ABOUT THIS TASK: Copy each line of the following material that has the string "Continuous".

BEGIN INPUT RECORDS

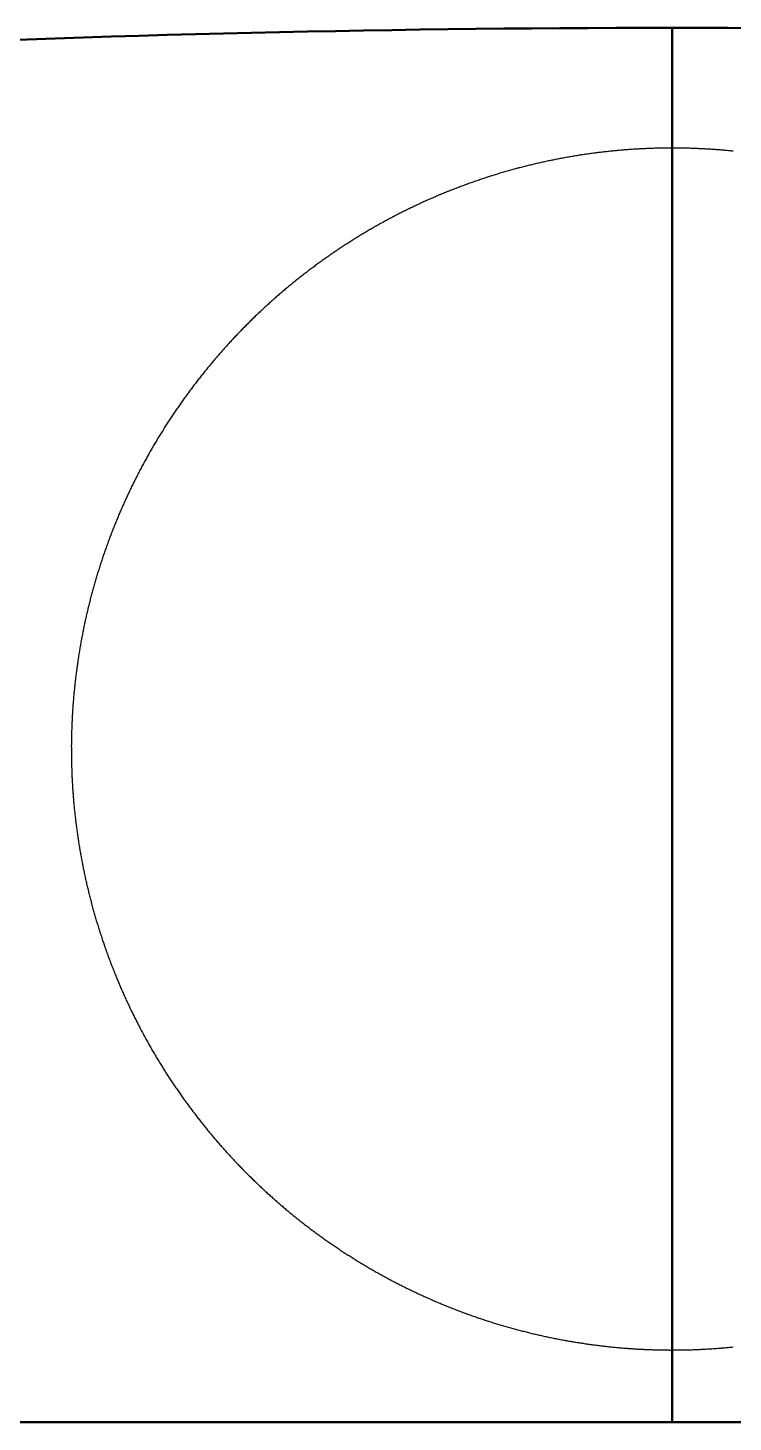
# Model space of a CAD drawing. Header units: millimetres. Extents: x 0 to 1808, y 25 to 605.
# Drawn here: x 636 to 929, y 25 to 605 of the extents above; entities that cross this region are included whole.
import ezdxf

# ---------------------------------------------------------------- set-up
doc = ezdxf.new("R2010")
doc.units = ezdxf.units.MM
doc.layers.add('IV_BEND_DOWN', color=250, linetype='Continuous', lineweight=50)
doc.layers.add('IV_OUTER_PROFILE', color=7, linetype='Continuous', lineweight=50)

msp = doc.modelspace()

# ---------------------------------------------------------------- linework, layer by layer
for centre, radius, start, end in [((904.18, 302.88), 251.92, 99.92311, 100.15153), ((904.2, 302.76), 252.04, 99.69499, 99.92315), ((904.21, 302.66), 252.14, 99.4671, 99.69502), ((904.23, 302.58), 252.22, 99.23943, 99.46712), ((904.24, 302.52), 252.29, 99.01198, 99.23945), ((904.25, 302.47), 252.34, 98.78472, 99.01199), ((904.25, 302.44), 252.37, 98.55765, 98.78473), ((904.25, 302.43), 252.38, 98.33075, 98.55765), ((904.25, 302.44), 252.37, 98.10401, 98.33075), ((904.25, 302.46), 252.35, 97.87742, 98.10401), ((904.24, 302.5), 252.3, 97.65096, 97.87741), ((904.23, 302.56), 252.24, 97.42462, 97.65094), ((904.22, 302.64), 252.16, 97.19839, 97.4246), ((904.21, 302.74), 252.07, 96.97225, 97.19836), ((904.2, 302.86), 251.95, 96.74619, 96.97222), ((904.18, 302.99), 251.81, 96.5202, 96.74615), ((904.16, 303.15), 251.66, 96.29426, 96.52015), ((904.14, 303.32), 251.48, 96.06836, 96.29421), ((904.12, 303.51), 251.29, 95.84248, 96.0683), ((904.1, 303.72), 251.08, 95.61662, 95.84242), ((904.08, 303.95), 250.85, 95.39076, 95.61655), ((904.05, 304.2), 250.6, 95.16488, 95.39068), ((904.03, 304.47), 250.33, 94.93897, 95.16479), ((904, 304.76), 250.04, 94.71301, 94.93888), ((903.98, 305.07), 249.73, 94.487, 94.71292), ((903.95, 305.39), 249.4, 94.26091, 94.4869), ((903.93, 305.74), 249.05, 94.03474, 94.26081), ((903.9, 306.11), 248.68, 93.80847, 94.03463), ((903.87, 306.49), 248.3, 93.58208, 93.80835), ((903.85, 306.9), 247.89, 93.35556, 93.58196), ((903.82, 307.32), 247.47, 93.1289, 93.35543), ((903.8, 307.77), 247.02, 92.90208, 93.12876), ((903.77, 308.23), 246.56, 92.67508, 92.90194), ((903.75, 308.71), 246.07, 92.44789, 92.67493), ((903.73, 309.22), 245.57, 92.2205, 92.44774), ((903.69, 310.13), 244.65, 91.99308, 92.2209), ((903.88, 304.98), 249.81, 91.7718, 91.99465), ((903.88, 304.91), 249.88, 91.54932, 91.77182), ((903.88, 304.86), 249.93, 91.32716, 91.54934), ((903.88, 304.82), 249.97, 91.10531, 91.32717), ((903.88, 304.81), 249.98, 90.88375, 91.10531), ((903.88, 304.82), 249.97, 90.66247, 90.88374), ((903.88, 304.84), 249.94, 90.44145, 90.66246), ((903.88, 304.89), 249.9, 90.22069, 90.44144), ((903.88, 304.96), 249.83, 90.00016, 90.22066), ((903.93, 313), 241.79, 89.78355, 90.01151), ((903.93, 310.78), 244.01, 89.55807, 89.78424), ((903.91, 308.49), 246.29, 89.33443, 89.55877), ((903.89, 306.14), 248.65, 89.11262, 89.33514), ((903.85, 303.72), 251.07, 88.89269, 89.11334), ((903.79, 300.6), 254.19, 88.67451, 88.89276), ((903.9, 305.72), 249.07, 88.4501, 88.67313), ((903.9, 305.48), 249.31, 88.22709, 88.45017), ((903.89, 305.25), 249.53, 88.00399, 88.22715), ((903.88, 305.05), 249.74, 87.78079, 88.00405), ((903.88, 304.87), 249.92, 87.55748, 87.78085), ((903.87, 304.71), 250.08, 87.33405, 87.55753), ((903.86, 304.57), 250.22, 87.11047, 87.33409), ((903.86, 304.45), 250.34, 86.88674, 87.11051), ((903.85, 304.35), 250.44, 86.66284, 86.88677), ((903.85, 304.27), 250.52, 86.43876, 86.66286), ((903.85, 304.21), 250.58, 86.21448, 86.43877), ((903.84, 304.17), 250.62, 85.98998, 86.21449), ((903.84, 304.15), 250.64, 85.76526, 85.98999), ((903.84, 304.15), 250.64, 85.54031, 85.76526), ((903.84, 304.17), 250.62, 85.3151, 85.5403), ((903.85, 304.21), 250.58, 85.08962, 85.31508), ((903.85, 304.27), 250.52, 84.86386, 85.0896), ((903.86, 304.34), 250.45, 84.63781, 84.86384), ((903.87, 304.44), 250.35, 84.41146, 84.63779), ((903.88, 304.55), 250.24, 84.18478, 84.41142), ((903.11, 307.74), 246.94, 105.73669, 105.97249), ((903, 308.12), 246.55, 105.50047, 105.73657), ((902.9, 308.5), 246.15, 105.26394, 105.50034), ((902.74, 309.05), 245.58, 105.02696, 105.26384), ((902.8, 308.85), 245.79, 104.7904, 105.027), ((902.91, 308.43), 246.23, 104.55446, 104.79054), ((903.02, 308.02), 246.65, 104.31901, 104.5546), ((903.12, 307.62), 247.06, 104.08404, 104.31914), ((903.22, 307.24), 247.46, 103.84954, 104.08417), ((903.31, 306.86), 247.84, 103.61549, 103.84966), ((903.4, 306.5), 248.21, 103.38189, 103.61561), ((903.48, 306.16), 248.57, 103.14873, 103.38201), ((903.56, 305.83), 248.91, 102.91598, 103.14883), ((903.63, 305.51), 249.23, 102.68365, 102.91608), ((903.7, 305.21), 249.54, 102.45171, 102.68374), ((903.76, 304.92), 249.84, 102.22015, 102.4518), ((903.82, 304.65), 250.12, 101.98897, 102.22024), ((903.88, 304.39), 250.38, 101.75815, 101.98905), ((903.93, 304.14), 250.63, 101.52768, 101.75823), ((903.98, 303.91), 250.87, 101.29755, 101.52775), ((904.02, 303.7), 251.08, 101.06774, 101.29761), ((904.06, 303.5), 251.29, 100.83824, 101.0678), ((904.09, 303.32), 251.47, 100.60904, 100.83829), ((904.12, 303.16), 251.64, 100.38013, 100.60909), ((904.15, 303.01), 251.79, 100.15149, 100.38017), ((904.55, 303.24), 251.67, 110.17996, 110.4122), ((904.51, 303.35), 251.55, 109.9476, 110.17993), ((904.46, 303.48), 251.42, 109.71513, 109.94756), ((904.41, 303.62), 251.27, 109.48255, 109.71508), ((904.36, 303.78), 251.1, 109.24984, 109.4825), ((904.3, 303.95), 250.92, 109.017, 109.24979), ((904.24, 304.13), 250.73, 108.78401, 109.01694), ((904.17, 304.32), 250.52, 108.55087, 108.78395), ((904.1, 304.53), 250.3, 108.31755, 108.5508), ((904.02, 304.76), 250.06, 108.08405, 108.31748), ((903.95, 305), 249.81, 107.85036, 108.08397), ((903.86, 305.25), 249.55, 107.61647, 107.85028), ((903.78, 305.51), 249.27, 107.38237, 107.61638), ((903.69, 305.79), 248.98, 107.14803, 107.38227), ((903.6, 306.08), 248.67, 106.91347, 107.14794), ((903.51, 306.39), 248.35, 106.67865, 106.91337), ((903.41, 306.71), 248.02, 106.44358, 106.67855), ((903.31, 307.04), 247.67, 106.20824, 106.44347), ((903.21, 307.39), 247.31, 105.97261, 106.20812), ((904.56, 303.18), 251.73, 113.66064, 113.8929), ((904.6, 303.09), 251.83, 113.42848, 113.66067), ((904.63, 303.01), 251.91, 113.19639, 113.42851), ((904.66, 302.95), 251.98, 112.96436, 113.19641), ((904.68, 302.9), 252.04, 112.73236, 112.96437), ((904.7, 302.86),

END INPUT RECORDS

PROBLEM SOLUTION:
doc.layers.add('IV_BEND_DOWN', color=250, linetype='Continuous', lineweight=50)
doc.layers.add('IV_OUTER_PROFILE', color=7, linetype='Continuous', lineweight=50)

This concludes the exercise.